Right. So I guess allocate 250k and release it after ping test is done.
>
> > Note that you should then
> > keep the spice_marshaller_add_ref. spice_marshaller_add doesn't free for
> > you (I checked).
> Hmm, I do see this now; for some reason I was under that impression,
> so this is my bad. Will fix (if this still holds true after looking at
> some of the other concerns raised).
>
> > Other then that looks good, and like you say probably better - although
> > I'm not convinced that by checking several common desktop compression
> > programs you are checking whatever compression scheme vpn's are using.
> > But it's probably a good indication of the compressability.

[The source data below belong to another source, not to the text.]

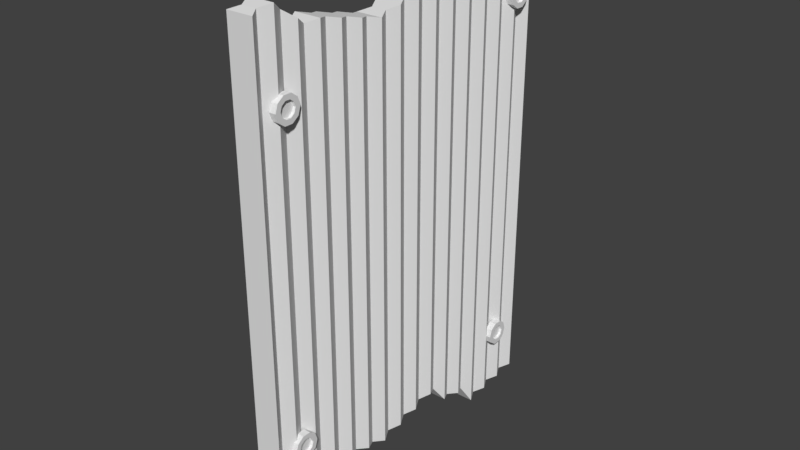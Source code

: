 # Source: Metal_Plate_2.blend  (saved by Blender 2.79.0; exported with 4.5.12 LTS)
import bpy
from mathutils import Matrix  # noqa: F401  (used for matrix-valued properties, if any)

bpy.ops.wm.read_factory_settings(use_empty=True)
scene = bpy.context.scene
scene.name = 'Scene'

# ---- collections
col_collection_1 = bpy.data.collections.new('Collection 1'); scene.collection.children.link(col_collection_1)

# ---- materials (node trees are filled in below, after node groups)
mat_texture_screws = bpy.data.materials.new('Texture screws')
mat_texture_screws.alpha_threshold = 0.0
mat_texture_screws.use_transparent_shadow = False
mat_texture_screws.roughness = 0.5
mat_texture_rust = bpy.data.materials.new('Texture rust')
mat_texture_rust.alpha_threshold = 0.0
mat_texture_rust.use_transparent_shadow = False
mat_texture_rust.roughness = 0.5

# ---- material node trees

# ---- world
world_world = bpy.data.worlds.new('World'); scene.world = world_world
world_world.color = (0.05088, 0.05088, 0.05088)
world_world.use_sun_shadow = False
world_world.sun_shadow_jitter_overblur = 0.0
world_world.cycles.sampling_method = 'MANUAL'

# ---- meshes
me_cube_002 = bpy.data.meshes.new('Cube.002')
me_cube_002.from_pydata([(-1.556, -0.7951, 0.7129), (-1.556, -0.8099, 0.6761), (-1.556, -0.8486, 0.6534), (-1.556, -0.8964, 0.6534), (-1.556, -0.9351, 0.6761), (-1.556, -0.9499, 0.7129), (-1.556, -0.9351, 0.7496), (-1.556, -0.8964, 0.7723), (-1.556, -0.8486, 0.7723), (-1.556, -0.8099, 0.7496), (-1.556, -0.8346, 0.6907), (-1.556, -0.8257, 0.7129), (-1.556, -0.858, 0.6769), (-1.556, -0.8869, 0.6769), (-1.556, -0.9103, 0.6907), (-1.556, -0.9193, 0.7129), (-1.556, -0.9103, 0.7351), (-1.556, -0.8869, 0.7488), (-1.556, -0.858, 0.7488), (-1.556, -0.8346, 0.7351), (-1.143, -0.8346, 0.6907), (-1.143, -0.8257, 0.7129), (-1.143, -0.858, 0.6769), (-1.143, -0.8869, 0.6769), (-1.143, -0.9103, 0.6907), (-1.143, -0.9193, 0.7129), (-1.143, -0.9103, 0.7351), (-1.143, -0.8869, 0.7488), (-1.143, -0.858, 0.7488), (-1.143, -0.8346, 0.7351), (-0.5108, -0.7951, 0.7129), (-0.5108, -0.8099, 0.6761), (-0.5108, -0.8486, 0.6534), (-0.5108, -0.8964, 0.6534), (-0.5108, -0.9351, 0.6761), (-0.5108, -0.9499, 0.7129), (-0.5108, -0.9351, 0.7496), (-0.5108, -0.8964, 0.7723), (-0.5108, -0.8486, 0.7723), (-0.5108, -0.8099, 0.7496), (-1.556, -0.7769, -0.7945), (-1.556, -0.7916, -0.8313), (-1.556, -0.8303, -0.854), (-1.556, -0.8781, -0.854), (-1.556, -0.9168, -0.8313), (-1.556, -0.9316, -0.7945), (-1.556, -0.9168, -0.7578), (-1.556, -0.8781, -0.7351), (-1.556, -0.8303, -0.7351), (-1.556, -0.7916, -0.7578), (-1.556, -0.8164, -0.8167), (-1.556, -0.8074, -0.7945), (-1.556, -0.8398, -0.8305), (-1.556, -0.8687, -0.8305), (-1.556, -0.8921, -0.8167), (-1.556, -0.901, -0.7945), (-1.556, -0.8921, -0.7723), (-1.556, -0.8687, -0.7586), (-1.556, -0.8398, -0.7586), (-1.556, -0.8164, -0.7723), (-1.143, -0.8164, -0.8167), (-1.143, -0.8074, -0.7945), (-1.143, -0.8398, -0.8305), (-1.143, -0.8687, -0.8305), (-1.143, -0.8921, -0.8167), (-1.143, -0.901, -0.7945), (-1.143, -0.8921, -0.7723), (-1.143, -0.8687, -0.7586), (-1.143, -0.8398, -0.7586), (-1.143, -0.8164, -0.7723), (-0.5108, -0.7769, -0.7945), (-0.5108, -0.7916, -0.8313), (-0.5108, -0.8303, -0.854), (-0.5108, -0.8781, -0.854), (-0.5108, -0.9168, -0.8313), (-0.5108, -0.9316, -0.7945), (-0.5108, -0.9168, -0.7578), (-0.5108, -0.8781, -0.7351), (-0.5108, -0.8303, -0.7351), (-0.5108, -0.7916, -0.7578), (-1.556, 1.005, 0.822), (-1.556, 0.99, 0.7853), (-1.556, 0.9513, 0.7626), (-1.556, 0.9035, 0.7626), (-1.556, 0.8648, 0.7853), (-1.556, 0.8501, 0.822), (-1.556, 0.8648, 0.8588), (-1.556, 0.9035, 0.8815), (-1.556, 0.9513, 0.8815), (-1.556, 0.99, 0.8588), (-1.556, 0.9653, 0.7998), (-1.556, 0.9742, 0.822), (-1.556, 0.9419, 0.7861), (-1.556, 0.913, 0.7861), (-1.556, 0.8896, 0.7998), (-1.556, 0.8806, 0.822), (-1.556, 0.8896, 0.8442), (-1.556, 0.913, 0.858), (-1.556, 0.9419, 0.858), (-1.556, 0.9653, 0.8442), (-1.143, 0.9653, 0.7998), (-1.143, 0.9742, 0.822), (-1.143, 0.9419, 0.7861), (-1.143, 0.913, 0.7861), (-1.143, 0.8896, 0.7998), (-1.143, 0.8806, 0.822), (-1.143, 0.8896, 0.8442), (-1.143, 0.913, 0.858), (-1.143, 0.9419, 0.858), (-1.143, 0.9653, 0.8442), (-0.5108, 1.005, 0.822), (-0.5108, 0.99, 0.7853), (-0.5108, 0.9513, 0.7626), (-0.5108, 0.9035, 0.7626), (-0.5108, 0.8648, 0.7853), (-0.5108, 0.8501, 0.822), (-0.5108, 0.8648, 0.8588), (-0.5108, 0.9035, 0.8815), (-0.5108, 0.9513, 0.8815), (-0.5108, 0.99, 0.8588), (-1.556, 0.9331, -0.9114), (-1.556, 0.9183, -0.9481), (-1.556, 0.8796, -0.9708), (-1.556, 0.8318, -0.9708), (-1.556, 0.7931, -0.9481), (-1.556, 0.7784, -0.9114), (-1.556, 0.7931, -0.8747), (-1.556, 0.8318, -0.852), (-1.556, 0.8796, -0.852), (-1.556, 0.9183, -0.8747), (-1.556, 0.8936, -0.9336), (-1.556, 0.9025, -0.9114), (-1.556, 0.8702, -0.9473), (-1.556, 0.8413, -0.9473), (-1.556, 0.8179, -0.9336), (-1.556, 0.809, -0.9114), (-1.556, 0.8179, -0.8892), (-1.556, 0.8413, -0.8755), (-1.556, 0.8702, -0.8755), (-1.556, 0.8936, -0.8892), (-1.143, 0.8936, -0.9336), (-1.143, 0.9025, -0.9114), (-1.143, 0.8702, -0.9473), (-1.143, 0.8413, -0.9473), (-1.143, 0.8179, -0.9336), (-1.143, 0.809, -0.9114), (-1.143, 0.8179, -0.8892), (-1.143, 0.8413, -0.8755), (-1.143, 0.8702, -0.8755), (-1.143, 0.8936, -0.8892), (-0.5108, 0.9331, -0.9114), (-0.5108, 0.9183, -0.9481), (-0.5108, 0.8796, -0.9708), (-0.5108, 0.8318, -0.9708), (-0.5108, 0.7931, -0.9481), (-0.5108, 0.7784, -0.9114), (-0.5108, 0.7931, -0.8747), (-0.5108, 0.8318, -0.852), (-0.5108, 0.8796, -0.852), (-0.5108, 0.9183, -0.8747), (-1.018, -1.031, -1.28), (-1.018, -1.031, 1.08), (-1.018, 1.045, 1.177), (2.962, -1.031, -1.28), (2.962, -1.031, 1.08), (2.962, 1.045, -1.19), (2.962, 1.045, 1.177), (-1.018, 0.6268, -1.237), (-1.018, 0.2089, -1.012), (-1.018, -0.2089, -1.088), (-1.018, -0.6268, -1.066), (-1.018, -0.6268, 1.0), (-1.018, -0.2089, 0.9237), (-1.018, 0.2089, 1.0), (-1.018, 0.6268, 1.028), (2.962, -0.6268, -1.066), (2.962, -0.2089, -1.088), (2.962, 0.2089, -1.012), (2.962, 0.6268, -1.237), (2.962, 0.6268, 1.028), (2.962, 0.2089, 1.0), (2.962, -0.2089, 0.9237), (2.962, -0.6268, 1.0), (-0.1266, -0.6964, -1.122), (-1.018, -0.7661, -1.169), (-0.1266, -0.8357, -1.182), (-1.018, -0.9054, -1.223), (-0.1266, -0.975, -1.268), (2.066, -0.6964, 0.9873), (2.962, -0.7661, 1.025), (2.066, -0.8357, 1.064), (2.962, -0.9054, 1.105), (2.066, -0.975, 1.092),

> As Yaniv Kaul indicated, deflate is usually used which is similar
> enough to gzip that I thought this was a applicable test. At the very
> least, it showed the downfall of the old behavior with compression
> involved (any compression algorithm worth its salt reduced the zero
> page to a just a handful of bytes).
>
> >> + /* this produces ascending and descending byte runs which vary in offset
> >> + * every 512 bytes, preventing prevents compression from being able to
> >> + * influence the resulting size of the ping data too much */
> >> + for(i = 0; i < size; i++) {
> >> + div_t result = div(i, 256);
> >> + if(result.quot % 2 == 0) {
> >> + ping_data[i] = (result.quot + 1) * result.rem;
> >> + } else {
> >> + ping_data[i] = 512 - (result.quot * result.rem);
> >> + }
> >> }
> >> +
> >> + spice_marshaller_add(m, ping_data, size);
> >> }
> >>
> >> void main_channel_push_mouse_mode(MainChannel *main_chan, int current_mode,
> >> --
> >> 1.7.9
>
> I'll look for a way to get at the bootsplash image and get back to everyone.